Furthermore, the model underwent internal validation within each cohort using bootstrapping techniques to assess the potential for overfitting and to measure optimism in the estimated performance metrics [13]. The differences between the observed AUC for each cohort and the corresponding average AUCs from 500 bootstrap replications were calculated. The bootstrapping result (Supplementary Fig. 2) also supported the integration of tumour volume and immune-associated transcriptomic signatures as predictors for ICI response. The mean differences between the observed AUC and the corresponding average AUCs from bootstrap replications were 0.003 (95% CI, -0.173 to 0.159) for the initial combination immunotherapy-treated cohort (n = 32) and 0.002 (95% CI, -0.184 to 0.163) for the PD1 inhibitor-treated cohort (n = 23).

We also examined tumour volume and Hallmark Interferon Gamma (IFNγ) Response gene set in the 11 PRE-EDT matched tumour samples (six responders, irRECIST PR, n = 5 and SD of > 6 months, n = 1, and five non-responders, irRECIST PD, n = 3 and PR with PFS of < 6 months, n = 2). Tumour volumes in responding versus non-responding patients did not differ at PRE, but on first progress imaging, as expected, tumour volumes were significantly smaller in the responding patients (p = 0.0053, Kruskal-Wallis test with Dunn’s multiple comparison, Fig. 2A).

Comparison of tumour volume and transcriptomic signatures in 11 matched PRE-EDT tumour biopsies. A) Change in total tumour volume from baseline and first progress CT imaging in responders and non-responders.

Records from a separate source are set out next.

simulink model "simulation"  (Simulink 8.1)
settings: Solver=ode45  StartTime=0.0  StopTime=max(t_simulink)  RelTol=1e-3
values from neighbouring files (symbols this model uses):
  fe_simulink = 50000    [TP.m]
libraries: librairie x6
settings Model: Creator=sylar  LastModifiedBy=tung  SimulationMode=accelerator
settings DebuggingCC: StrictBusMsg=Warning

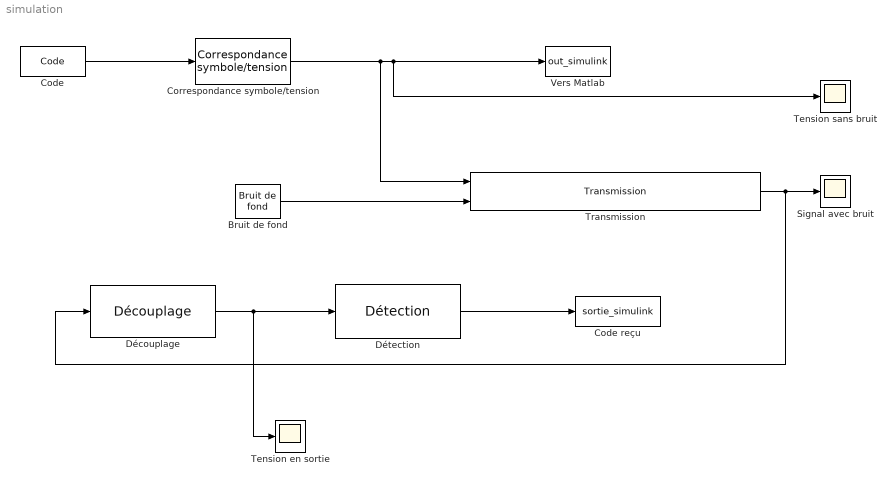
== system simulation ==
  Bruit de fond : librairie/Bruit de fond  RSB=-15
  Code : librairie/Code  T_symbole=Tsymbole_simulink
  Code reçu : ToWorkspace  VariableName=sortie_simulink  SampleTime=-1
  Correspondance symbole/tension : librairie/Correspondance symbole//tension  A_symbole=5
  Découplage : librairie/Découplage  TOTO=0
  Détection : librairie/Détection  seuil=0
  "Signal avec bruit " : Scope
      settings: YMin=-7  YMax=8
  Tension en sortie : Scope
      settings: YMin=-7  YMax=8  SaveName=ScopeData2
  "Tension sans bruit " : Scope
      settings: YMin=-7  YMax=8
  Transmission : librairie/Transmission  TOTO=[]
  Vers Matlab : ToWorkspace  VariableName=out_simulink  SampleTime=1/fe_simulink
  wires:
  Code/1 -> Correspondance symbole/tension/1
  Correspondance symbole/tension/1 -> Transmission/1, "Tension sans bruit "/1, Vers Matlab/1
  Transmission/1 -> Découplage/1, "Signal avec bruit "/1
  Bruit de fond/1 -> Transmission/2
  Découplage/1 -> Tension en sortie/1, Détection/1
  Détection/1 -> Code reçu/1
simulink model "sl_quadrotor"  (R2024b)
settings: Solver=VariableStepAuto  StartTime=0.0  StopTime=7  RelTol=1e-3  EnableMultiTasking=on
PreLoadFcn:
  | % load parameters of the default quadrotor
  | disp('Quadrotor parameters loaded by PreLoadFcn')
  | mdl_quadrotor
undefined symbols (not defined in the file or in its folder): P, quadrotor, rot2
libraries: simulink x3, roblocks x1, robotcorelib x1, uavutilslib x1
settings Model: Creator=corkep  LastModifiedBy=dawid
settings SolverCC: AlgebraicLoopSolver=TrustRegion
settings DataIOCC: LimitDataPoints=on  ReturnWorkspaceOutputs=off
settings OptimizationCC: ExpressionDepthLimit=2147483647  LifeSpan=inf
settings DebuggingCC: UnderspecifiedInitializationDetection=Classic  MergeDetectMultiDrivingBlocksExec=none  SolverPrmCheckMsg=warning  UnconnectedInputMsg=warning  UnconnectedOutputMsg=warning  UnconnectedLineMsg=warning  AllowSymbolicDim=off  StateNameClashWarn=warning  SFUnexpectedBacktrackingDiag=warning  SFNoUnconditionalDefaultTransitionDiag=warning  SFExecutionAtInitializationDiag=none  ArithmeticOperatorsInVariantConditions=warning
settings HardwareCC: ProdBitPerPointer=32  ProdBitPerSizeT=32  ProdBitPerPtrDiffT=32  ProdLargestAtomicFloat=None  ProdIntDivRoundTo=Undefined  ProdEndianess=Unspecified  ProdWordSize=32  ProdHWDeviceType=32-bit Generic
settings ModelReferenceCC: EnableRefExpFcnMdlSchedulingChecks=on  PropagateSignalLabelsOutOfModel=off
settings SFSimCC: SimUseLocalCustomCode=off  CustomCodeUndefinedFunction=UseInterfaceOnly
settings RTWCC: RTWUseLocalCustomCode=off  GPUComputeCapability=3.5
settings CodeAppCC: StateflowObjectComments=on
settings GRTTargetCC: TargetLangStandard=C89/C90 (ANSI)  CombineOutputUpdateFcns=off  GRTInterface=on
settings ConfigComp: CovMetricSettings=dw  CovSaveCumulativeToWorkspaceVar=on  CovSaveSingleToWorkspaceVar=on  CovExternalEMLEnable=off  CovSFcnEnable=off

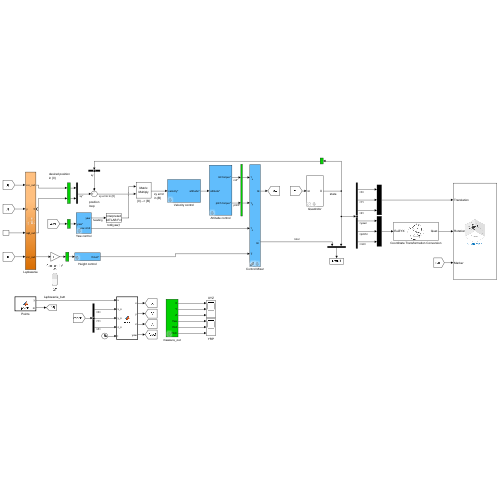
[thumbnail: Simulink's stored preview of the top-level diagram]
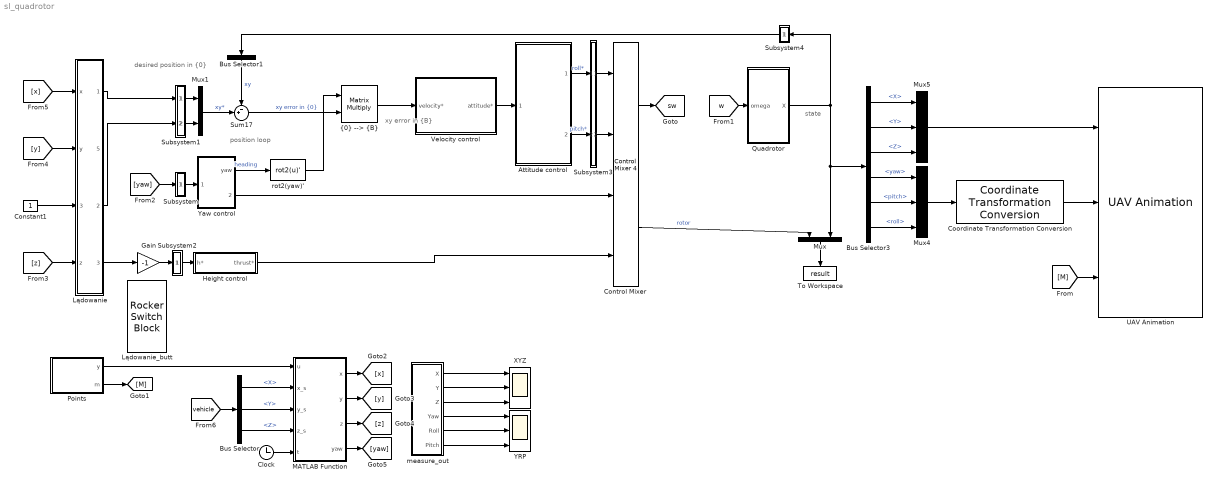
== system sl_quadrotor ==
  note: xy error
      | in {B}
  note: desired position
      | in {0}
  note: position
      | loop
  note: state
  Attitude control : Subsystem  mask{P=50, D=0.08}
      mask prompts: P "Proportional gain"; D "Derivative gain"
  Bus Selector : BusSelector  OutputSignals=X,Y,Z
  Bus Selector1 : BusSelector  OutputSignals=X,Y  OutputAsBus=on
  Bus Selector3 : BusSelector  OutputSignals=X,Y,Z,yaw,pitch,roll
  Clock : Clock
  Constant1 : Constant
  Control Mixer : roblocks/Vehicles/Control Mixer 4  quad=quadrotor  maxrot=5000  minrot=5
  Coordinate Transformation Conversion : robotcorelib/Coordinate Transformation Conversion  InputRepresentation=Euler Angles  InputEulerSequence=ZYX  ShowTrVecInputPort=on  OutputRepresentation=Quaternion  OutputEulerSequence=ZYX  ShowTrVecOutputPort=on  SimulateUsing=Interpreted execution
      settings: LibrarySourceBlock=uavutilslib/Coordinate Transformation Conversion
  Gain : Gain  Gain=-1
  Height control : Subsystem  mask{P=5000, D=0.35, T0=0}
      mask prompts: P "Proportional gain"; D "Derivative gain"; T0 "Thrust feedforward"
  Lądowanie : Subsystem
      settings: PortSchema="{\"entries\":[{\"content\":{\"sides\":[{\"content\":{\"connectorIds\":[\"In1\",\"In2\",\"In3\",\"In4\"]},\"type\":\"ConnectorPlacement.EquallySpacedRectSide\",\"uuid\":\"e16c097e-7f0b-4346-8755-8e731fbb767f\"},{\"content\":{\"connectorIds\":[\"Out1\",\"In5\",\"Out2\",\"Out3\"],\"side\":\"RIGHT\"},\"type\":\"ConnectorPlacement.EquallySpacedRectSide\",\"uuid\":\"595c4242-91f1-4228-8820-ca2fa351ca35\"},{\"content\":{\"side\":\"TOP\"},\"type\":\"ConnectorPlacement.EquallySpacedRectSide\",\"uuid\":\"71163cad-59f2-4c2d-b7f5-2c36c6e60a82\"}]},\"type\":\"ConnectorPlacement.EquallySpacedConnector\",\"uuid\":\"613101b4-3872-4d23-be67-e39dba683d26\"}],\"packageUris\":[\"http://schema.mathworks.com/mf0/Connector/R2020b\"],\"version\":\"1.0\"}"
  Lądowanie_butt : RockerSwitchBlock
      settings: Values={{'Off', 'On'}, [0 1]}
  MATLAB Function : MATLAB Function  TreatAsAtomicUnit=on
  Mux : Mux  Inputs=2
  Mux1 : Mux  Inputs=2
  Mux4 : Mux  Inputs=3
  Mux5 : Mux  Inputs=3
  Points : MATLAB Function  TreatAsAtomicUnit=on
  Quadrotor : Subsystem  AncestorBlock=roblocks/Vehicles/Quadrotor  mask{quad=quadrotor, x0=[0 0 -0.5], groundflag=on}
      mask prompts: quad "Quadrotor params"; x0 "Initial position"; groundflag "Ground"
      mask help: Quadrotor dynamics
      mask Help:
      | Integrate spatial velocity to update pose represented as a homogeneous
      | transformation.
      | 
      | <b>Parameters::</b>
      | 
      | q (struct)  A structure containing quadrotor dynamics
      | 
      | The elements of q are:
      | 
      |  J         Flyer rotational inertia matrix (3x3)
      |  h         Height of rotors above CoG (1x1)
      |  d         Length of flyer arms (1x1)
      |  nb        Number of blades per rotor (1x1)
      |  r         Rotor radius (1x1)
      |  c         Blade chord (1x1)
      |  e         Flapping hinge offset (1x1)
      |  Mb        Rotor blade mass (1x1)
      |  Mc        Estimated hub clamp mass (1x1)
      |  ec        Blade root clamp displacement (1x1)
      |  Ib        Rotor blade rotational inertia (1x1)
      |  Ic        Estimated root clamp inertia (1x1)
      |  mb        Static blade moment (1x1)
      |  Ir        Total rotor inertia (1x1)
      |  Ct        Non-dim. thrust coefficient (1x1)
      |  Cq        Non-dim. torque coefficient (1x1)
      |  sigma     Rotor solidity ratio (1x1)
      |  thetat    Blade tip angle (1x1)
      |  theta0    Blade root angle (1x1)
      |  theta1    Blade twist angle (1x1)
      |  theta75   3/4 blade angle (1x1)
      |  thetai    Blade ideal root approximation (1x1)
      |  a         Lift slope gradient (1x1)
      |  A         Rotor disc area (1x1)
      |  gamma     Lock number (1x1)
      | 
      | 
      | <b>Inputs::</b>
      | 
      | w1 (1x1) angular velocity of rotor 1 [rad]
      | w2 (1x1) angular velocity of rotor 2 [rad]
      | w3 (1x1) angular velocity of rotor 3 [rad]
      | w4 (1x1) angular velocity of rotor 4 [rad]
      | 
      | <b>Outputs::</b>
      | 
      | X (1x12) state vector (x, y, z, thr, thp, thy, xd, yd, zd, thrd, thpd, thyd)
      | 
      | (x,y,z) is the position in the world frame [m]
      | (thr, thp, thy) the roll/pitch/yaw orientation in the world frame [rad]
      | (xd,yd,zd) is the velocity in the body frame [m]
      | (thrd,thpd,thyd) is the roll/pitch/yaw rates in the body frame [rad/s]
      | 
      | <b>Notes::</b>
      | 
      | - See also mdl_quadrotor which defines parameters for the ANU X4 flyer.
      mask Display:
      | port_label('input',1,'\varpi','texmode','on');
      | port_label('output',1,'X','texmode','on');
  Subsystem : Subsystem
      mask DialogControl DescTextVar Prompt: Pomiar zadanego yaw
  Subsystem1 : Subsystem
      mask DialogControl DescTextVar Prompt: Blok pomiarowy wartości zadanych w osi x i y
  Subsystem2 : Subsystem
      mask DialogControl DescTextVar Prompt: Pomiar zadanego yaw
  Subsystem3 : Subsystem
      mask DialogControl DescTextVar Prompt: pomiar zadanego roll pitch
  Subsystem4 : Subsystem
      mask DialogControl DescTextVar Prompt: pomiar sygnałów mierzonych
  Sum17 : Sum  Inputs=-+|
  To Workspace : ToWorkspace  VariableName=result  SampleTime=-1
  UAV Animation : uavutilslib/UAV Animation  NumUAV=1  DynamicUAVConfig=off  UAVType=Multirotor  UAVSize=1  UAVColor=[1 0 0]  UAVTrajectoryAlpha=1  InertialZDirection=Down  RotationFormat=Quaternion  DrawMarkers=on  SampleTime=-1
  Velocity control : Subsystem  mask{P=0.1, D=2}
      mask prompts: P "Proportional gain"; D "Derivative gain"
  XYZ : Scope  NumInputPorts=3
  YRP : Scope  NumInputPorts=3
  Yaw control : Subsystem  mask{P=200, D=1}
      mask prompts: P "Proportional gain"; D "Derivative gain"
  measure_out : Subsystem
      mask DialogControl DescTextVar Prompt: Wyjścia systemu pomiarowego
  rot2(yaw)' : MATLABFcn  MATLABFcn=rot2(u)'  OutputDimensions=[2 2]  Output1D=off
  "{0} --> {B}" : Product  Multiplication=Matrix(*)  RndMeth=Zero
  tag scope: sw=global
  wires:
  Mux/1 -> To Workspace/1
  Control Mixer/2 -> Mux/1  "rotor"
  Sum17/1 -> "{0} --> {B}"/2  "xy error in {0}"
  "{0} --> {B}"/1 -> Velocity control/1(velocity*)
  Mux1/1 -> Sum17/2  "xy*"
  Bus Selector1/1 -> Sum17/1  "xy"
  rot2(yaw)'/1 -> "{0} --> {B}"/1
  Height control/1(thrust*) -> Control Mixer/4
  Bus Selector3/4 -> Mux4/1  "<yaw>"
  Bus Selector3/5 -> Mux4/2  "<pitch>"
  Bus Selector3/6 -> Mux4/3  "<roll>"
  Bus Selector3/3 -> Mux5/3  "<Z>"
  Bus Selector3/2 -> Mux5/2  "<Y>"
  Bus Selector3/1 -> Mux5/1  "<X>"
  Mux4/1 -> Coordinate Transformation Conversion/1
  Coordinate Transformation Conversion/1 -> UAV Animation/2
  Mux5/1 -> UAV Animation/1
  Quadrotor/1(X) -> Subsystem4/1(In1), Bus Selector3/1, Mux/2
  Subsystem1/1(sx_o) -> Mux1/1
  Subsystem1/2(sy_o) -> Mux1/2
  Yaw control/1(yaw) -> rot2(yaw)'/1  "heading"
  Yaw control/2(yaw cmd) -> Control Mixer/3
  Subsystem/1(Out1) -> Yaw control/1(yaw*)
  Subsystem2/1(Out1) -> Height control/1(h*)
  Subsystem4/1(Out1) -> Bus Selector1/1
  measure_out/1(X) -> XYZ/1
  measure_out/2(Y) -> XYZ/2
  measure_out/3(Z) -> XYZ/3
  measure_out/4(Yaw) -> YRP/1
  measure_out/5(Roll) -> YRP/2
  measure_out/6(Pitch) -> YRP/3
  Velocity control/1(attitude*) -> Attitude control/1(attitude*)
  Subsystem3/1(Out1) -> Control Mixer/1
  Attitude control/1(roll torque*) -> Subsystem3/1(In1)  "roll*"
  Subsystem3/2(Out2) -> Control Mixer/2
  Attitude control/2(pitch torque*) -> Subsystem3/2(In2)  "pitch*"
  Gain/1 -> Subsystem2/1(In1)
  [yaw] -> Subsystem/1(In1)
  Control Mixer/1 -> [sw]
  [w] -> Quadrotor/1(omega)
  Constant1/1 -> Lądowanie/3(set)
  Lądowanie/1(x_out) -> Subsystem1/1(sx_in)
  Lądowanie/2(y_out) -> Subsystem1/2(sy_in)
  Lądowanie/3(z_out) -> Gain/1
  Points/2(m) -> [M]
  [M] -> UAV Animation/3
  Points/1(y) -> MATLAB Function/1(u)
  [vehicle] -> Bus Selector/1
  Bus Selector/1 -> MATLAB Function/2(x_s)  "<X>"
  Bus Selector/2 -> MATLAB Function/3(y_s)  "<Y>"
  Bus Selector/3 -> MATLAB Function/4(z_s)  "<Z>"
  Clock/1 -> MATLAB Function/5(t)
  MATLAB Function/1(x) -> [x]
  MATLAB Function/2(y) -> [y]
  MATLAB Function/3(z) -> [z]
  MATLAB Function/4(yaw) -> [yaw]
  [z] -> Lądowanie/4(z)
  [y] -> Lądowanie/2(y)
  [x] -> Lądowanie/1(x)

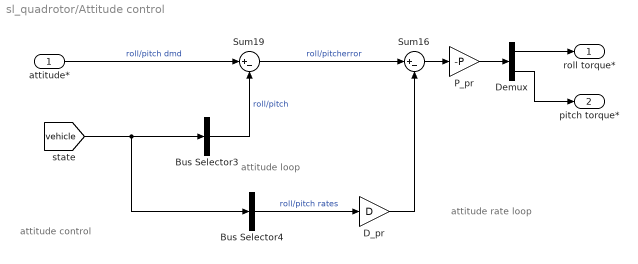
== system sl_quadrotor/Attitude control ==
  note: attitude control
  note: attitude rate loop
  note: attitude loop
  attitude* : Inport
  Bus Selector3 : BusSelector  OutputSignals=roll,pitch  OutputAsBus=on
  Bus Selector4 : BusSelector  OutputSignals=droll,dpitch  OutputAsBus=on
  D_pr : Gain  Gain=D
  Demux : Demux  Outputs=2
  P_pr : Gain  Gain=-P
  Sum16 : Sum  Inputs=|+-
  Sum19 : Sum  Inputs=|+-
  roll torque* : Outport
  pitch torque* : Outport  Port=2
  wires:
  [vehicle] -> Bus Selector4/1, Bus Selector3/1
  attitude*/1 -> Sum19/1  "roll/pitch dmd"
  Bus Selector3/1 -> Sum19/2  "roll/pitch"
  Bus Selector4/1 -> D_pr/1  "roll/pitch rates"
  Sum19/1 -> Sum16/1  "roll/pitcherror"
  Sum16/1 -> P_pr/1
  P_pr/1 -> Demux/1
  D_pr/1 -> Sum16/2
  Demux/2 -> pitch torque*/1
  Demux/1 -> roll torque*/1

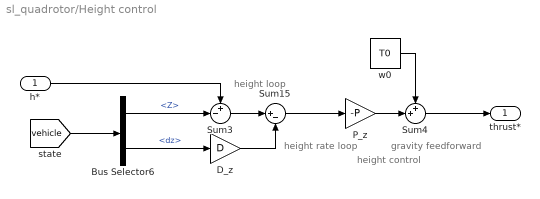
== system sl_quadrotor/Height control ==
  note: height control
  note: gravity feedforward
  note: height rate
      | loop
  note: height
      | loop
  h* : Inport
  Bus Selector6 : BusSelector  OutputSignals=Z,dz
  D_z : Gain  Gain=D
  P_z : Gain  Gain=-P
  Sum15 : Sum  Inputs=|+-
  Sum3 : Sum  Inputs=+-|
  Sum4 : Sum  Inputs=++|
  w0 : Constant  Value=T0  SampleTime=0
  thrust* : Outport
  wires:
  w0/1 -> Sum4/1
  Sum15/1 -> P_z/1
  P_z/1 -> Sum4/2
  Bus Selector6/1 -> Sum3/2  "<Z>"
  h*/1 -> Sum3/1
  Sum3/1 -> Sum15/1
  Bus Selector6/2 -> D_z/1  "<dz>"
  D_z/1 -> Sum15/2
  Sum4/1 -> thrust*/1
  [vehicle] -> Bus Selector6/1

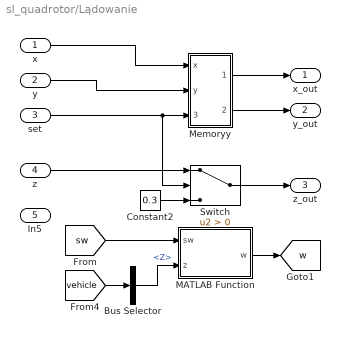
== system sl_quadrotor/Lądowanie ==
  x : Inport
  y : Inport  Port=2
  set : Inport  Port=3
  z : Inport  Port=4
  In5 : Inport  Port=5
  Bus Selector : BusSelector  OutputSignals=Z
  Constant2 : Constant  Value=0.3
  MATLAB Function : MATLAB Function  TreatAsAtomicUnit=on
  Memoryy : Subsystem
  Switch : Switch  Criteria=u2 > Threshold  SaturateOnIntegerOverflow=off  InputSameDT=off
  x_out : Outport
  y_out : Outport  Port=2
  z_out : Outport  Port=3
  tag scope: w=global
  wires:
  Bus Selector/1 -> MATLAB Function/2(z)  "<Z>"
  [vehicle] -> Bus Selector/1
  Constant2/1 -> Switch/3
  set/1 -> Memoryy/3(set), Switch/2
  Memoryy/2(Out2) -> y_out/1
  [sw] -> MATLAB Function/1(sw)
  Memoryy/1(Out1) -> x_out/1
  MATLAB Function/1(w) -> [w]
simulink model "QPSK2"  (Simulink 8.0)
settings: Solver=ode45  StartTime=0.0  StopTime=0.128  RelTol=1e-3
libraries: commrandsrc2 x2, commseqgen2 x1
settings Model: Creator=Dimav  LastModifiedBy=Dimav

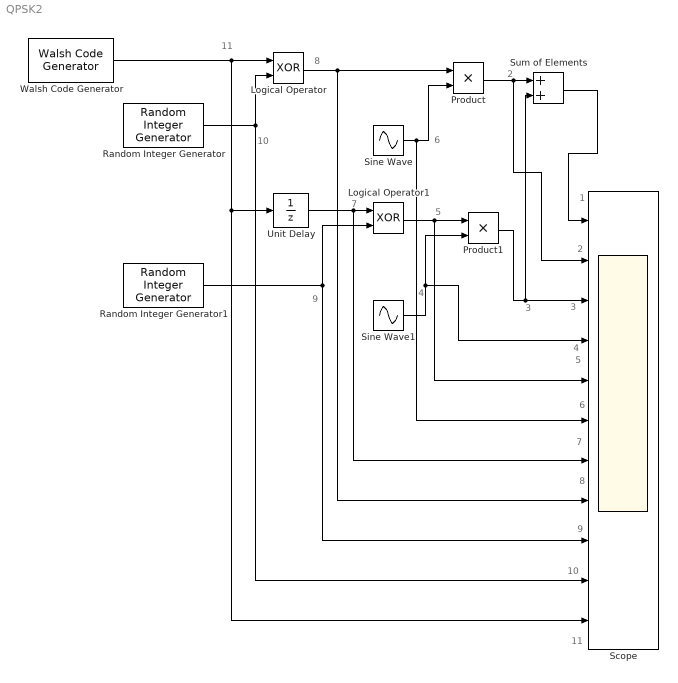
== system QPSK2 ==
  note: 2
  note: 3
  note: 1
  note: 3
  note: 4
  note: 5
  note: 6
  note: 7
  note: 8
  note: 9
  note: 10
  note: 11
  note: 11
  note: 10
  note: 9
  note: 8
  note: 7
  note: 6
  note: 5
  note: 4
  note: 2
  Logical Operator : Logic  Operator=XOR  AllPortsSameDT=off  OutDataTypeStr=boolean
  Logical Operator1 : Logic  Operator=XOR  AllPortsSameDT=off  OutDataTypeStr=boolean
  Product : Product  RndMeth=Zero
  Product1 : Product  RndMeth=Zero
  Random Integer Generator : commrandsrc2/Random Integer Generator  mul=2  seed=12653  Ts=1/1.2288/10^6  frameBased=off  sampPerFrame=1  orient=off  outDataType=double
  Random Integer Generator1 : commrandsrc2/Random Integer Generator  mul=2  seed=21265  Ts=1/1.2288/10^6  frameBased=off  sampPerFrame=1  orient=off  outDataType=double
  Scope : Scope  NumInputPorts=11
      settings: YMin=0~0~0~0.3~0~0.3~-5~-5~-5~-5~-5  YMax=2~1~1~1~1~1~5~5~5~5~5
  Sine Wave : Sin  SampleTime=0
  Sine Wave1 : Sin  SampleTime=0
  Sum of Elements : Sum  Inputs=2
  Unit Delay : UnitDelay  SampleTime=-1
  Walsh Code Generator : commseqgen2/Walsh Code Generator  length=64  index=53  ts=1/1.2288/10^6  frameBased=off  sampPerFrame=1  outDataType=double
  wires:
  Walsh Code Generator/1 -> Unit Delay/1, Scope/11, Logical Operator/1
  Random Integer Generator/1 -> Logical Operator/2, Scope/10
  Unit Delay/1 -> Scope/7, Logical Operator1/1
  Random Integer Generator1/1 -> Logical Operator1/2, Scope/9
  Logical Operator/1 -> Product/1, Scope/8
  Sine Wave/1 -> Product/2, Scope/6
  Logical Operator1/1 -> Scope/5, Product1/1
  Sine Wave1/1 -> Product1/2, Scope/4
  Product1/1 -> Scope/3, Sum of Elements/2
  Product/1 -> Scope/2, Sum of Elements/1
  Sum of Elements/1 -> Scope/1

Black coloured circles indicate tumours with < 50 mm in sum diameter at baseline, red coloured circles indicate the two non-responders with initial PR but PFS < 6 months, Kruskal-Wallis test with Dunn’s multiple comparisons, p = 0.0053. B) Change in expression of the Hallmark IFNγ response gene set (left) and the tumour-normalised Hallmark IFNγ response gene set (right) in matched PRE-EDT samples (n = 11, n = 6 responders, n = 5 non-responders). Black coloured circles indicate tumours with < 50 mm in sum diameter at baseline, red coloured circles indicate the two non-responders with initial PR but PFS < 6 months, Kruskal-Wallis test with Dunn’s multiple comparisons, p = 0.0124. C) ROC curve analysis of IFNγ-related and immune-associated transcriptomic signatures with and without tumour volume normalisation (ssGSEA scores divided by total tumour volume) in melanoma tumours early during treatment (EDT) with combination ICIs (n = 16)

The expression of the Hallmark IFNγ gene set was upregulated, from PRE to EDT, in 8/11 patients (4/6, 73% responders and 4/5, 80% non-responders). This increase was not associated with ICI response or with change in tumour volume. For example, three responding patients with small PRE tumour volumes (< 50 mm in sum diameter) showed minimal change in IFNγ signature expression from PRE to EDT (mean fold change of 1.04, range 0.93–1.18, compared to an overall mean fold change of 2.02, range 0.93–7.33, Fig. 2B), and these tumours also showed high baseline IFNγ activity. Comparison of the IFNγ signature at EDT did not separate responders from non-responders, and the two groups were only stratified when IFNγ signature at EDT was normalised to tumour volume on first progress imaging (p = 0.0124, Kruskal-Wallis test with Dunn’s multiple comparison, Fig. 2B). Notably, all non-responding patients including the two patients who had initial PR but PFS < 6 months, had significantly lower expression of the IFNγ signature normalised to tumour volume compared to responders at EDT (Fig. 2B). We included five additional EDT samples that had no patient-matched PRE tumour, and ROC curve analysis of the 16 EDT samples with tumour volume data at first progress imaging confirmed superior predictive performance when tumour volume was integrated with immune-associated transcriptomic signatures at EDT (n = 16, Fig. 2C).